As a workaround, they created a chain of copies of themselves, each one
slightly more like the alien from the last, but similar enough to be able to
communicate with its neighbors. In this way, they created a way to communicate
with the aliens through the chain of proxy-entities.

\----

It's really interesting to see these kinds of ideas come up in experimental VR
research.
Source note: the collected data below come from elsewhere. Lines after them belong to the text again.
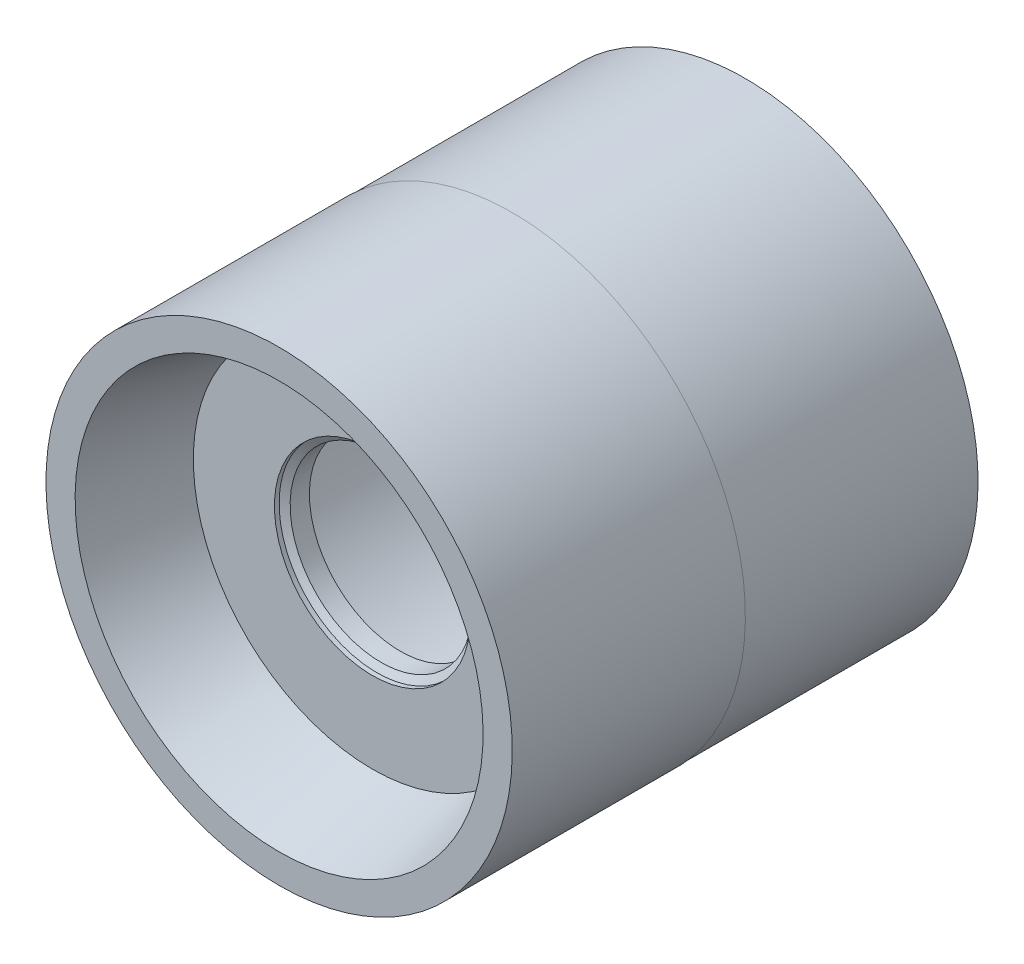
ISO-10303-21;
HEADER;
FILE_DESCRIPTION(('STEP AP214'),'2;1');
FILE_NAME('part.step','',(''),(''),'','','');
FILE_SCHEMA(('AUTOMOTIVE_DESIGN { 1 0 10303 214 1 1 1 1 }'));
ENDSEC;
DATA;
#1=APPLICATION_CONTEXT('core data for automotive mechanical design processes');
#2=APPLICATION_PROTOCOL_DEFINITION('international standard','automotive_design',2000,#1);
#3=PRODUCT_CONTEXT('',#1,'mechanical');
#4=PRODUCT('Part','Part','',(#3));
#5=PRODUCT_RELATED_PRODUCT_CATEGORY('part','',(#4));
#6=PRODUCT_DEFINITION_FORMATION('','',#4);
#7=PRODUCT_DEFINITION_CONTEXT('part definition',#1,'design');
#8=PRODUCT_DEFINITION('design','',#6,#7);
#9=PRODUCT_DEFINITION_SHAPE('','',#8);
#10=(LENGTH_UNIT() NAMED_UNIT(*) SI_UNIT(.MILLI.,.METRE.));
#11=(NAMED_UNIT(*) PLANE_ANGLE_UNIT() SI_UNIT($,.RADIAN.));
#12=(NAMED_UNIT(*) SI_UNIT($,.STERADIAN.) SOLID_ANGLE_UNIT());
#13=UNCERTAINTY_MEASURE_WITH_UNIT(LENGTH_MEASURE(1.E-05),#10,'distance_accuracy_value','');
#14=(GEOMETRIC_REPRESENTATION_CONTEXT(3) GLOBAL_UNCERTAINTY_ASSIGNED_CONTEXT((#13)) GLOBAL_UNIT_ASSIGNED_CONTEXT((#10,
#11,#12)) REPRESENTATION_CONTEXT('',''));
#15=CARTESIAN_POINT('',(0.,0.,0.));
#16=DIRECTION('',(0.,0.,1.));
#17=DIRECTION('',(1.,0.,0.));
#18=AXIS2_PLACEMENT_3D('',#15,#16,#17);
#19=CARTESIAN_POINT('',(0.,0.,0.));
#20=DIRECTION('',(0.,0.,-1.));
#21=DIRECTION('',(0.,1.,0.));
#22=AXIS2_PLACEMENT_3D('',#19,#20,#21);
#23=CYLINDRICAL_SURFACE('',#22,4.953);
#24=CARTESIAN_POINT('',(0.,0.,-5.55397045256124));
#25=DIRECTION('',(0.,0.,1.));
#26=DIRECTION('',(1.,0.,0.));
#27=AXIS2_PLACEMENT_3D('',#24,#25,#26);
#28=CIRCLE('',#27,4.953);
#29=CARTESIAN_POINT('',(4.953,0.,-5.55397045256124));
#30=VERTEX_POINT('',#29);
#31=EDGE_CURVE('E179',#30,#30,#28,.T.);
#32=ORIENTED_EDGE('',*,*,#31,.T.);
#33=EDGE_LOOP('',(#32));
#34=FACE_BOUND('',#33,.T.);
#35=CARTESIAN_POINT('',(0.,0.,-6.604));
#36=DIRECTION('',(0.,0.,-1.));
#37=DIRECTION('',(0.,1.,0.));
#38=AXIS2_PLACEMENT_3D('',#35,#36,#37);
#39=CIRCLE('',#38,4.953);
#40=CARTESIAN_POINT('',(0.,4.95299999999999,-6.604));
#41=VERTEX_POINT('',#40);
#42=EDGE_CURVE('E39',#41,#41,#39,.F.);
#43=ORIENTED_EDGE('',*,*,#42,.F.);
#44=EDGE_LOOP('',(#43));
#45=FACE_BOUND('',#44,.T.);
#46=ADVANCED_FACE('F35',(#34,#45),#23,.F.);
#47=CARTESIAN_POINT('',(0.,12.6746,-25.4));
#48=DIRECTION('',(0.,0.,1.));
#49=DIRECTION('',(0.,-1.,0.));
#50=AXIS2_PLACEMENT_3D('',#47,#48,#49);
#51=PLANE('',#50);
#52=CARTESIAN_POINT('',(0.,0.,-25.4));
#53=DIRECTION('',(0.,0.,1.));
#54=DIRECTION('',(0.,-1.,0.));
#55=AXIS2_PLACEMENT_3D('',#52,#53,#54);
#56=CIRCLE('',#55,12.6746);
#57=CARTESIAN_POINT('',(0.,-12.6746,-25.4));
#58=VERTEX_POINT('',#57);
#59=EDGE_CURVE('E164',#58,#58,#56,.T.);
#60=ORIENTED_EDGE('',*,*,#59,.F.);
#61=EDGE_LOOP('',(#60));
#62=FACE_BOUND('',#61,.T.);
#63=DIRECTION('',(0.,-1.,0.));
#64=VECTOR('',#63,1.);
#65=CARTESIAN_POINT('',(1.778,12.6746,-25.4));
#66=LINE('',#65,#64);
#67=CARTESIAN_POINT('',(1.778,-9.874198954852,-25.4));
#68=VERTEX_POINT('',#67);
#69=CARTESIAN_POINT('',(1.778,-12.192,-25.4));
#70=VERTEX_POINT('',#69);
#71=EDGE_CURVE('E137',#68,#70,#66,.T.);
#72=ORIENTED_EDGE('',*,*,#71,.F.);
#73=CARTESIAN_POINT('',(0.,0.,-25.4));
#74=DIRECTION('',(0.,0.,-1.));
#75=DIRECTION('',(0.,1.,0.));
#76=AXIS2_PLACEMENT_3D('',#73,#74,#75);
#77=CIRCLE('',#76,10.033);
#78=CARTESIAN_POINT('',(1.778,9.87419895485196,-25.4));
#79=VERTEX_POINT('',#78);
#80=EDGE_CURVE('E124',#79,#68,#77,.T.);
#81=ORIENTED_EDGE('',*,*,#80,.F.);
#82=CARTESIAN_POINT('',(1.778,12.192,-25.4));
#83=VERTEX_POINT('',#82);
#84=EDGE_CURVE('E135',#83,#79,#66,.T.);
#85=ORIENTED_EDGE('',*,*,#84,.F.);
#86=DIRECTION('',(1.,0.,0.));
#87=VECTOR('',#86,1.);
#88=CARTESIAN_POINT('',(0.,12.192,-25.4));
#89=LINE('',#88,#87);
#90=CARTESIAN_POINT('',(-1.778,12.192,-25.4));
#91=VERTEX_POINT('',#90);
#92=EDGE_CURVE('E145',#91,#83,#89,.T.);
#93=ORIENTED_EDGE('',*,*,#92,.F.);
#94=DIRECTION('',(0.,1.,0.));
#95=VECTOR('',#94,1.);
#96=CARTESIAN_POINT('',(-1.778,12.6746,-25.4));
#97=LINE('',#96,#95);
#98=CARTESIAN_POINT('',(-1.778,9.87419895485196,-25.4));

I do believe that that's the end-game of VR-style technology: not
perfectly replicating reality and making the virtual world indistinguishable
from the real world, but opening up the human mind to a broader set of
senses/thoughts/experiences than are available through the corporeal human
body.

> [...] designers will hamper themselves and their users by perpetuating old
> UI mechanics, turning VR etc into a rough simulacrum of the constrained
> physical world rather than the means for its transcendence.

I think that the human mind is an incredibly general thing and that it would
be capable of existing in an environment completely separate from the body.
I'm excited to see what kind of advancements we'll see in our lifetimes in the
area of expanding consciousness through technology and moving past the
previously insurmountable constraints of the human body within which we spend
our lives.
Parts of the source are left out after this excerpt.